Random sampling parity with NumPy

We’ve added naive support for the size parameters to the numpy.random functions supported by Aesara, but, after setting the RNG seed and generating multiple samples with size, the results do not match NumPy’s when parameter broadcasting is involved. Since the results do match when broadcasting isn’t involved, it seems like the iteration order appears to be the reason for this disparity–in at least the two cases I’ve tested: standard_cauchy and gamma.

In the latter case, the logic can be traced to cont_broadcast_2 and the use of PyArray_MultiIterNew2 (or essentially just PyArray_MultiIterNew).

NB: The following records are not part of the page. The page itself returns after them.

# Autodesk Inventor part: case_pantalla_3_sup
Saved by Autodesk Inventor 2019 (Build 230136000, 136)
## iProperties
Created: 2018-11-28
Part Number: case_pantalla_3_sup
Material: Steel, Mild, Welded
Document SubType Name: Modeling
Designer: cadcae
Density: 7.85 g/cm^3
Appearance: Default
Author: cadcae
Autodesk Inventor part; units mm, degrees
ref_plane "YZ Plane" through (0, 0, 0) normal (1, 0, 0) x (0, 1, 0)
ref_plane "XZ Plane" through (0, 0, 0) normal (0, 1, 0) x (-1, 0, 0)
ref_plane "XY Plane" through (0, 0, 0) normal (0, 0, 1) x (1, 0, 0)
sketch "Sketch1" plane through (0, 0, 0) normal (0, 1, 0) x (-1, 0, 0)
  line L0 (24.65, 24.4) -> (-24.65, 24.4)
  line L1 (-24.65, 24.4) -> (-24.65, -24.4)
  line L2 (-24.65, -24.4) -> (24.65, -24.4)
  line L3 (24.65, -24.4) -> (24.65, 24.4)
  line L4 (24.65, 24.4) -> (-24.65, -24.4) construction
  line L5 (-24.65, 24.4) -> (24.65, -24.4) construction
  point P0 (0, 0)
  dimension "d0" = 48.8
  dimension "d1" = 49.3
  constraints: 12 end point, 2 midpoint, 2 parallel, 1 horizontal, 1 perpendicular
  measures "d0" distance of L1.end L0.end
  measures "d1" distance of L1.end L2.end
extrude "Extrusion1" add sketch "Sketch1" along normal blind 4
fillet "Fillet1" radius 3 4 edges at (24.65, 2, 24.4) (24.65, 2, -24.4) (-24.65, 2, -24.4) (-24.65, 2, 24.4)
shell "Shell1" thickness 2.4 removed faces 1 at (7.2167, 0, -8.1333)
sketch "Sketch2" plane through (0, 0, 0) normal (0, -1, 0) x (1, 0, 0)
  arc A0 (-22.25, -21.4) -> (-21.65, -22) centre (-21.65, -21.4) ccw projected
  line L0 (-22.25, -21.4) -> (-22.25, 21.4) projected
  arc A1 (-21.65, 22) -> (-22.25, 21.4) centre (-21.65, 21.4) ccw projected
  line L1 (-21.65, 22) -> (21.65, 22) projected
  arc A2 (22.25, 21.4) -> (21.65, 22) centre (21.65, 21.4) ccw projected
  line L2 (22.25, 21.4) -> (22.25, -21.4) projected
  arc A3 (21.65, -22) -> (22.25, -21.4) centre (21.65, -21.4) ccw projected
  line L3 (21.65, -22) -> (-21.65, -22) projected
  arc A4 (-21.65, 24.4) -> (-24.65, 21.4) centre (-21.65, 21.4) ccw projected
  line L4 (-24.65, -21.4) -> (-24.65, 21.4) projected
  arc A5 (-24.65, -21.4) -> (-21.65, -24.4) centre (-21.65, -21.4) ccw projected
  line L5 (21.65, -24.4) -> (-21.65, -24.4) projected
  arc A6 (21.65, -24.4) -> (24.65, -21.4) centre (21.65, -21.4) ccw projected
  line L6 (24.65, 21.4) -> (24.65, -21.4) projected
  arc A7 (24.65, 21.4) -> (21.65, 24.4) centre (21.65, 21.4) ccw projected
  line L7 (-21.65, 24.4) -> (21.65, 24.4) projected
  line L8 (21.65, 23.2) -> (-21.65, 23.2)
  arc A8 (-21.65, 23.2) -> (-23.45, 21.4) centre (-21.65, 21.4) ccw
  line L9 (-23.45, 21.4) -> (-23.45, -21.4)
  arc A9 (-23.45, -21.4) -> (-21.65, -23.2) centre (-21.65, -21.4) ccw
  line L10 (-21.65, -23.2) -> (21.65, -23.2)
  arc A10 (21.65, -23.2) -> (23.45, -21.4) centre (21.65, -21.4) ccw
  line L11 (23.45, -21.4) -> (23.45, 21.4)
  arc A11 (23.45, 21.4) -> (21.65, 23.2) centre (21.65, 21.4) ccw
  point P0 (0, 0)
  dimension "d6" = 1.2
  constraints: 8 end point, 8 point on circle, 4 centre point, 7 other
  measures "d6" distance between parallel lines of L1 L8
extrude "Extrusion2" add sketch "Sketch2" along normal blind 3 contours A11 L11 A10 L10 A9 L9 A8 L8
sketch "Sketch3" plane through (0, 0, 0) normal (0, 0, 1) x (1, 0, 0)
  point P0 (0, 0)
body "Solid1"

Does anyone know the exact order in which this iterator object produces its elements, and/or how this can be reproduced in Numba?

Here’s an illustration for np.random.gamma that uses a Numba function similar to what’s produced by Aesara:

import numpy as np
import numba as nb
from functools import reduce


@nb.njit
def gamma(a, b, size):
    np.random.seed(232)

    size_len = reduce(lambda x, y: x * y, size)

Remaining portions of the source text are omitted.